Question

A body of mass 2 kg is moving with a velocity of 5 m/s. How much work is required to stop the body?

• A. 10 J
• B. 15 J
• C. 20 J
• D. 25 J

Hint:

Tip: Work done to stop a moving body is equal to its initial kinetic energy.

Answer 1

The Correct Option is D

To calculate the work required to stop a moving body, we need to determine the change in its kinetic energy. The kinetic energy (\(KE\)) of a body is given by the formula:

\( KE = \frac{1}{2}mv^2 \)

where \( m \) is the mass of the body and \( v \) is its velocity.

Given:

• Mass (\( m \)) = 2 kg
• Velocity (\( v \)) = 5 m/s

Substitute the given values into the formula:

\( KE = \frac{1}{2} \times 2 \, \text{kg} \times (5 \, \text{m/s})^2 \)

\( KE = 1 \times 25 \, \text{kg} \cdot \text{m}^2/\text{s}^2 \)

\( KE = 25 \, \text{J} \)

The initial kinetic energy of the body is 25 J. Since the body is required to be stopped, its final kinetic energy will be 0 J. The work done to stop the body will be equal to the negative of the initial kinetic energy (as it needs to be fully dissipated):

Work Done = \(- \text{Initial KE} = -25 \, \text{J}\)

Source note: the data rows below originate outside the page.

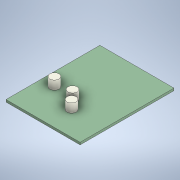
# Autodesk Inventor part: MotorDriverShield
Saved by Autodesk Inventor 2022.2 (Build 262287010, 287A)
## iProperties
Created: 2022-03-26
Part Number: MotorDriverShield
Material: Generic
Document SubType Name: Modeling
Designer: Santiago Larraín
Density: 1 g/cm^3
Appearance: Default
Author: Santiago Larraín
Autodesk Inventor part; units mm, degrees
ref_plane "YZ Plane" through (0, 0, 0) normal (1, 0, 0) x (0, 1, 0)
ref_plane "XZ Plane" through (0, 0, 0) normal (0, 1, 0) x (-1, 0, 0)
ref_plane "XY Plane" through (0, 0, 0) normal (0, 0, 1) x (1, 0, 0)
sketch "Sketch1" plane through (0, 0, 0) normal (0, 1, 0) x (-1, 0, 0)
  line L0 (0, 0) -> (0, -65)
  line L1 (0, -65) -> (51.3, -65)
  line L2 (51.3, -65) -> (51.3, 0)
  line L3 (51.3, 0) -> (0, 0)
  dimension "d0" = 65
  dimension "d1" = 51.3
  constraints: 8 end point, 2 parallel, 1 perpendicular, 1 vertical
  measures "d0" distance of L0.start L0.end
  measures "d1" distance of L1.end L0.end
extrude "Extrusion1" add sketch "Sketch1" along normal blind 1.575
sketch "Sketch2" plane through (0, 1.575, 0) normal (0, 1, 0) x (1, 0, 0)
  line L0 (-51.3, 65) -> (-51.3, 0) projected
  line L1 (-51.3, 0) -> (-51.3, 24.5)
  line L2 (-51.3, 24.5) -> (-42.3, 24.5)
  line L3 (-42.3, 24.5) -> (-42.3, 0)
  line L4 (-42.3, 0) -> (-51.3, 0)
  circle A0 centre (-42.3, 24.5) radius 3.15
  line L5 (-51.3, 0) -> (-51.3, 23)
  line L6 (-51.3, 23) -> (-28.2, 23)
  line L7 (-28.2, 23) -> (-28.2, 0)
  line L8 (-28.2, 0) -> (-51.3, 0)
  circle A1 centre (-28.2, 23) radius 3.15
  line L9 (-51.3, 0) -> (-51.3, 28.7)
  line L10 (-51.3, 28.7) -> (-34.6, 28.7)
  line L11 (-34.6, 28.7) -> (-34.6, 0)
  line L12 (-34.6, 0) -> (-51.3, 0)
  line L13 (-51.3, 0) -> (-51.3, 16.7)
  line L14 (-51.3, 16.7) -> (-22.6, 16.7)
  line L15 (-22.6, 16.7) -> (-22.6, 0)
  line L16 (-22.6, 0) -> (-51.3, 0)
  circle A2 centre (-22.6, 16.7) radius 3.15
  point P0 (0, 0)
  dimension "d4" = 24.5
  dimension "d5" = 9
  dimension "d6" = 6.3
  dimension "d7" = 23
  dimension "d8" = 23.1
  dimension "d9" = 6.3
  dimension "d10" = 28.7
  dimension "d11" = 16.7
  dimension "d12" = 16.7
  dimension "d13" = 28.7
  dimension "d14" = 6.3
  constraints: 32 end point, 8 parallel, 4 perpendicular, 4 point on line, 3 centre point, 3 coincident
  measures "d4" distance of L0.end L1.end
  measures "d5" distance of L1.end L2.end
  measures "d6" diameter of A0
  measures "d7" distance of L0.end L5.end
  measures "d8" distance of L5.end L6.end
  measures "d9" diameter of A1
  measures "d10" distance of L0.end L9.end
  measures "d11" distance of L9.end L10.end
  measures "d12" distance of L0.end L13.end
  measures "d13" distance of L13.end L14.end
  measures "d14" diameter of A2
extrude "Extrusion2" add sketch "Sketch2" along normal blind 6.1 contours A0 L6 L3 L2 | L2 L3 L6 A0 | L6 L3 A0 | A0 L3 L6 | A1 L7 L6 | L6 L7 A1 | A2 L15 L14 | L14 L15 A2
body "Solid1"

Thus, 25 J of work is required to stop the body.

Answer 2

Step 1: Use the work-energy principle. 
The work required to stop the body equals the loss in kinetic energy.

Step 2: Calculate initial kinetic energy. 
\[ KE = \frac{1}{2} m v^2 = \frac{1}{2} \cdot 2 \cdot (5)^2 = 25 \text{ J} \]

Step 3: Final velocity is 0, so all kinetic energy is lost. 
Hence, work done to stop the body = \( \boxed{25 \text{ J}} \)